TASK PROMPT: Your task is to give the listing below back word for word, pictures excluded.

SUPPLIED MATERIAL:
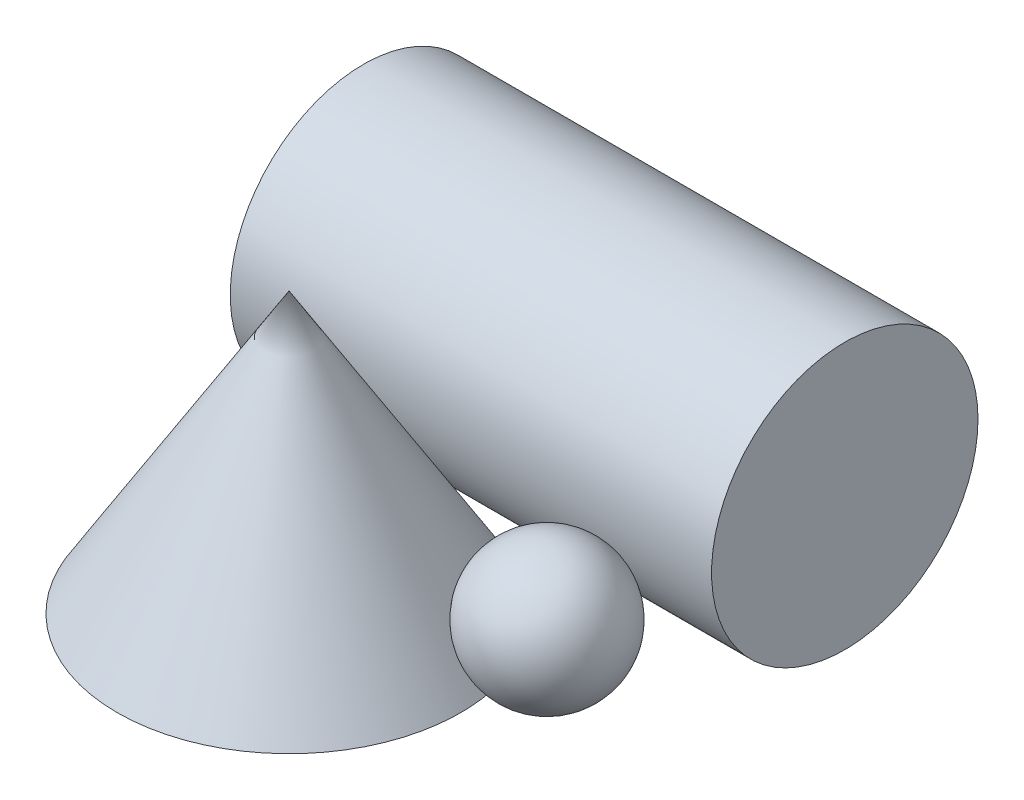
ISO-10303-21;
HEADER;
FILE_DESCRIPTION(('STEP AP214'),'2;1');
FILE_NAME('part.step','',(''),(''),'','','');
FILE_SCHEMA(('AUTOMOTIVE_DESIGN { 1 0 10303 214 1 1 1 1 }'));
ENDSEC;
DATA;
#1=APPLICATION_CONTEXT('core data for automotive mechanical design processes');
#2=APPLICATION_PROTOCOL_DEFINITION('international standard','automotive_design',2000,#1);
#3=PRODUCT_CONTEXT('',#1,'mechanical');
#4=PRODUCT('Part','Part','',(#3));
#5=PRODUCT_RELATED_PRODUCT_CATEGORY('part','',(#4));
#6=PRODUCT_DEFINITION_FORMATION('','',#4);
#7=PRODUCT_DEFINITION_CONTEXT('part definition',#1,'design');
#8=PRODUCT_DEFINITION('design','',#6,#7);
#9=PRODUCT_DEFINITION_SHAPE('','',#8);
#10=(LENGTH_UNIT() NAMED_UNIT(*) SI_UNIT(.MILLI.,.METRE.));
#11=(NAMED_UNIT(*) PLANE_ANGLE_UNIT() SI_UNIT($,.RADIAN.));
#12=(NAMED_UNIT(*) SI_UNIT($,.STERADIAN.) SOLID_ANGLE_UNIT());
#13=UNCERTAINTY_MEASURE_WITH_UNIT(LENGTH_MEASURE(1.E-05),#10,'distance_accuracy_value','');
#14=(GEOMETRIC_REPRESENTATION_CONTEXT(3) GLOBAL_UNCERTAINTY_ASSIGNED_CONTEXT((#13)) GLOBAL_UNIT_ASSIGNED_CONTEXT((#10,
#11,#12)) REPRESENTATION_CONTEXT('',''));
#15=CARTESIAN_POINT('',(0.,0.,0.));
#16=DIRECTION('',(0.,0.,1.));
#17=DIRECTION('',(1.,0.,0.));
#18=AXIS2_PLACEMENT_3D('',#15,#16,#17);
#19=CARTESIAN_POINT('',(47.2424837903006,16.,-12.7805361124895));
#20=DIRECTION('',(1.,0.,0.));
#21=DIRECTION('',(0.,0.,1.));
#22=AXIS2_PLACEMENT_3D('',#19,#20,#21);
#23=SPHERICAL_SURFACE('',#22,16.);
#24=CARTESIAN_POINT('',(63.2424837903006,16.,-12.7805361124895));
#25=VERTEX_POINT('',#24);
#26=VERTEX_LOOP('',#25);
#27=FACE_BOUND('',#26,.T.);
#28=ADVANCED_FACE('F37',(#27),#23,.T.);
#29=CLOSED_SHELL('',(#28));
#30=MANIFOLD_SOLID_BREP('B2',#29);
#31=CARTESIAN_POINT('',(72.,31.,-57.3226510151297));
#32=DIRECTION('',(-1.,0.,0.));
#33=DIRECTION('',(0.,0.,1.));
#34=AXIS2_PLACEMENT_3D('',#31,#32,#33);
#35=CYLINDRICAL_SURFACE('',#34,31.);
#36=CARTESIAN_POINT('',(72.,31.,-57.3226510151297));
#37=DIRECTION('',(1.,0.,0.));
#38=DIRECTION('',(0.,0.,-1.));
#39=AXIS2_PLACEMENT_3D('',#36,#37,#38);
#40=CIRCLE('',#39,31.);
#41=CARTESIAN_POINT('',(72.,31.,-88.3226510151297));
#42=VERTEX_POINT('',#41);
#43=EDGE_CURVE('E36',#42,#42,#40,.T.);
#44=ORIENTED_EDGE('',*,*,#43,.F.);
#45=EDGE_LOOP('',(#44));
#46=FACE_BOUND('',#45,.T.);
#47=CARTESIAN_POINT('',(-40.,31.,-57.3226510151297));
#48=DIRECTION('',(1.,0.,0.));
#49=DIRECTION('',(0.,0.,-1.));
#50=AXIS2_PLACEMENT_3D('',#47,#48,#49);
#51=CIRCLE('',#50,31.);
#52=CARTESIAN_POINT('',(-40.,31.,-88.3226510151297));
#53=VERTEX_POINT('',#52);
#54=EDGE_CURVE('E64',#53,#53,#51,.T.);
#55=ORIENTED_EDGE('',*,*,#54,.T.);
#56=EDGE_LOOP('',(#55));
#57=FACE_BOUND('',#56,.T.);
#58=ADVANCED_FACE('F58',(#46,#57),#35,.T.);
#59=CARTESIAN_POINT('',(72.,31.,-57.3226510151297));
#60=DIRECTION('',(1.,0.,0.));
#61=DIRECTION('',(0.,0.,-1.));
#62=AXIS2_PLACEMENT_3D('',#59,#60,#61);
#63=PLANE('',#62);
#64=ORIENTED_EDGE('',*,*,#43,.T.);
#65=EDGE_LOOP('',(#64));
#66=FACE_BOUND('',#65,.T.);
#67=ADVANCED_FACE('F73',(#66),#63,.T.);
#68=CARTESIAN_POINT('',(-40.,31.,-57.3226510151297));
#69=DIRECTION('',(1.,0.,0.));
#70=DIRECTION('',(0.,0.,-1.));
#71=AXIS2_PLACEMENT_3D('',#68,#69,#70);
#72=PLANE('',#71);
#73=ORIENTED_EDGE('',*,*,#54,.F.);
#74=EDGE_LOOP('',(#73));
#75=FACE_BOUND('',#74,.T.);
#76=ADVANCED_FACE('F71',(#75),#72,.F.);
#77=CLOSED_SHELL('',(#58,#67,#76));
#78=MANIFOLD_SOLID_BREP('B6',#77);
#79=CARTESIAN_POINT('',(0.,65.,0.));
#80=DIRECTION('',(0.,-1.,0.));
#81=DIRECTION('',(0.,0.,-1.));
#82=AXIS2_PLACEMENT_3D('',#79,#80,#81);
#83=CONICAL_SURFACE('',#82,0.,0.551654982528547);
#84=CARTESIAN_POINT('',(0.,0.,0.));
#85=DIRECTION('',(0.,-1.,0.));
#86=DIRECTION('',(0.,0.,-1.));
#87=AXIS2_PLACEMENT_3D('',#84,#85,#86);
#88=CIRCLE('',#87,40.);
#89=CARTESIAN_POINT('',(0.,0.,-40.));
#90=VERTEX_POINT('',#89);
#91=EDGE_CURVE('E56',#90,#90,#88,.T.);
#92=ORIENTED_EDGE('',*,*,#91,.F.);
#93=EDGE_LOOP('',(#92));
#94=FACE_BOUND('',#93,.T.);
#95=CARTESIAN_POINT('',(0.,65.,0.));
#96=VERTEX_POINT('',#95);
#97=VERTEX_LOOP('',#96);
#98=FACE_BOUND('',#97,.T.);
#99=ADVANCED_FACE('F98',(#94,#98),#83,.T.);
#100=CARTESIAN_POINT('',(40.,0.,0.));
#101=DIRECTION('',(0.,1.,0.));
#102=DIRECTION('',(0.,0.,1.));
#103=AXIS2_PLACEMENT_3D('',#100,#101,#102);
#104=PLANE('',#103);
#105=ORIENTED_EDGE('',*,*,#91,.T.);
#106=EDGE_LOOP('',(#105));
#107=FACE_BOUND('',#106,.T.);
#108=ADVANCED_FACE('F106',(#107),#104,.F.);
#109=CLOSED_SHELL('',(#99,#108));
#110=MANIFOLD_SOLID_BREP('B31',#109);
#111=ADVANCED_BREP_SHAPE_REPRESENTATION('',(#18,#30,#78,#110),#14);
#112=SHAPE_DEFINITION_REPRESENTATION(#9,#111);
ENDSEC;
END-ISO-10303-21;

SOLUTION:
ISO-10303-21;
HEADER;
FILE_DESCRIPTION(('STEP AP214'),'2;1');
FILE_NAME('part.step','',(''),(''),'','','');
FILE_SCHEMA(('AUTOMOTIVE_DESIGN { 1 0 10303 214 1 1 1 1 }'));
ENDSEC;
DATA;
#1=APPLICATION_CONTEXT('core data for automotive mechanical design processes');
#2=APPLICATION_PROTOCOL_DEFINITION('international standard','automotive_design',2000,#1);
#3=PRODUCT_CONTEXT('',#1,'mechanical');
#4=PRODUCT('Part','Part','',(#3));
#5=PRODUCT_RELATED_PRODUCT_CATEGORY('part','',(#4));
#6=PRODUCT_DEFINITION_FORMATION('','',#4);
#7=PRODUCT_DEFINITION_CONTEXT('part definition',#1,'design');
#8=PRODUCT_DEFINITION('design','',#6,#7);
#9=PRODUCT_DEFINITION_SHAPE('','',#8);
#10=(LENGTH_UNIT() NAMED_UNIT(*) SI_UNIT(.MILLI.,.METRE.));
#11=(NAMED_UNIT(*) PLANE_ANGLE_UNIT() SI_UNIT($,.RADIAN.));
#12=(NAMED_UNIT(*) SI_UNIT($,.STERADIAN.) SOLID_ANGLE_UNIT());
#13=UNCERTAINTY_MEASURE_WITH_UNIT(LENGTH_MEASURE(1.E-05),#10,'distance_accuracy_value','');
#14=(GEOMETRIC_REPRESENTATION_CONTEXT(3) GLOBAL_UNCERTAINTY_ASSIGNED_CONTEXT((#13)) GLOBAL_UNIT_ASSIGNED_CONTEXT((#10,
#11,#12)) REPRESENTATION_CONTEXT('',''));
#15=CARTESIAN_POINT('',(0.,0.,0.));
#16=DIRECTION('',(0.,0.,1.));
#17=DIRECTION('',(1.,0.,0.));
#18=AXIS2_PLACEMENT_3D('',#15,#16,#17);
#19=CARTESIAN_POINT('',(47.2424837903006,16.,-12.7805361124895));
#20=DIRECTION('',(1.,0.,0.));
#21=DIRECTION('',(0.,0.,1.));
#22=AXIS2_PLACEMENT_3D('',#19,#20,#21);
#23=SPHERICAL_SURFACE('',#22,16.);
#24=CARTESIAN_POINT('',(63.2424837903006,16.,-12.7805361124895));
#25=VERTEX_POINT('',#24);
#26=VERTEX_LOOP('',#25);
#27=FACE_BOUND('',#26,.T.);
#28=ADVANCED_FACE('F37',(#27),#23,.T.);
#29=CLOSED_SHELL('',(#28));
#30=MANIFOLD_SOLID_BREP('B2',#29);
#31=CARTESIAN_POINT('',(72.,31.,-57.3226510151297));
#32=DIRECTION('',(-1.,0.,0.));
#33=DIRECTION('',(0.,0.,1.));
#34=AXIS2_PLACEMENT_3D('',#31,#32,#33);
#35=CYLINDRICAL_SURFACE('',#34,31.);
#36=CARTESIAN_POINT('',(72.,31.,-57.3226510151297));
#37=DIRECTION('',(1.,0.,0.));
#38=DIRECTION('',(0.,0.,-1.));
#39=AXIS2_PLACEMENT_3D('',#36,#37,#38);
#40=CIRCLE('',#39,31.);
#41=CARTESIAN_POINT('',(72.,31.,-88.3226510151297));
#42=VERTEX_POINT('',#41);
#43=EDGE_CURVE('E36',#42,#42,#40,.T.);
#44=ORIENTED_EDGE('',*,*,#43,.F.);
#45=EDGE_LOOP('',(#44));
#46=FACE_BOUND('',#45,.T.);
#47=CARTESIAN_POINT('',(-40.,31.,-57.3226510151297));
#48=DIRECTION('',(1.,0.,0.));
#49=DIRECTION('',(0.,0.,-1.));
#50=AXIS2_PLACEMENT_3D('',#47,#48,#49);
#51=CIRCLE('',#50,31.);
#52=CARTESIAN_POINT('',(-40.,31.,-88.3226510151297));
#53=VERTEX_POINT('',#52);
#54=EDGE_CURVE('E64',#53,#53,#51,.T.);
#55=ORIENTED_EDGE('',*,*,#54,.T.);
#56=EDGE_LOOP('',(#55));
#57=FACE_BOUND('',#56,.T.);
#58=ADVANCED_FACE('F58',(#46,#57),#35,.T.);
#59=CARTESIAN_POINT('',(72.,31.,-57.3226510151297));
#60=DIRECTION('',(1.,0.,0.));
#61=DIRECTION('',(0.,0.,-1.));
#62=AXIS2_PLACEMENT_3D('',#59,#60,#61);
#63=PLANE('',#62);
#64=ORIENTED_EDGE('',*,*,#43,.T.);
#65=EDGE_LOOP('',(#64));
#66=FACE_BOUND('',#65,.T.);
#67=ADVANCED_FACE('F73',(#66),#63,.T.);
#68=CARTESIAN_POINT('',(-40.,31.,-57.3226510151297));
#69=DIRECTION('',(1.,0.,0.));
#70=DIRECTION('',(0.,0.,-1.));
#71=AXIS2_PLACEMENT_3D('',#68,#69,#70);
#72=PLANE('',#71);
#73=ORIENTED_EDGE('',*,*,#54,.F.);
#74=EDGE_LOOP('',(#73));
#75=FACE_BOUND('',#74,.T.);
#76=ADVANCED_FACE('F71',(#75),#72,.F.);
#77=CLOSED_SHELL('',(#58,#67,#76));
#78=MANIFOLD_SOLID_BREP('B6',#77);
#79=CARTESIAN_POINT('',(0.,65.,0.));
#80=DIRECTION('',(0.,-1.,0.));
#81=DIRECTION('',(0.,0.,-1.));
#82=AXIS2_PLACEMENT_3D('',#79,#80,#81);
#83=CONICAL_SURFACE('',#82,0.,0.551654982528547);
#84=CARTESIAN_POINT('',(0.,0.,0.));
#85=DIRECTION('',(0.,-1.,0.));
#86=DIRECTION('',(0.,0.,-1.));
#87=AXIS2_PLACEMENT_3D('',#84,#85,#86);
#88=CIRCLE('',#87,40.);
#89=CARTESIAN_POINT('',(0.,0.,-40.));
#90=VERTEX_POINT('',#89);
#91=EDGE_CURVE('E56',#90,#90,#88,.T.);
#92=ORIENTED_EDGE('',*,*,#91,.F.);
#93=EDGE_LOOP('',(#92));
#94=FACE_BOUND('',#93,.T.);
#95=CARTESIAN_POINT('',(0.,65.,0.));
#96=VERTEX_POINT('',#95);
#97=VERTEX_LOOP('',#96);
#98=FACE_BOUND('',#97,.T.);
#99=ADVANCED_FACE('F98',(#94,#98),#83,.T.);
#100=CARTESIAN_POINT('',(40.,0.,0.));
#101=DIRECTION('',(0.,1.,0.));
#102=DIRECTION('',(0.,0.,1.));
#103=AXIS2_PLACEMENT_3D('',#100,#101,#102);
#104=PLANE('',#103);
#105=ORIENTED_EDGE('',*,*,#91,.T.);
#106=EDGE_LOOP('',(#105));
#107=FACE_BOUND('',#106,.T.);
#108=ADVANCED_FACE('F106',(#107),#104,.F.);
#109=CLOSED_SHELL('',(#99,#108));
#110=MANIFOLD_SOLID_BREP('B31',#109);
#111=ADVANCED_BREP_SHAPE_REPRESENTATION('',(#18,#30,#78,#110),#14);
#112=SHAPE_DEFINITION_REPRESENTATION(#9,#111);
ENDSEC;
END-ISO-10303-21;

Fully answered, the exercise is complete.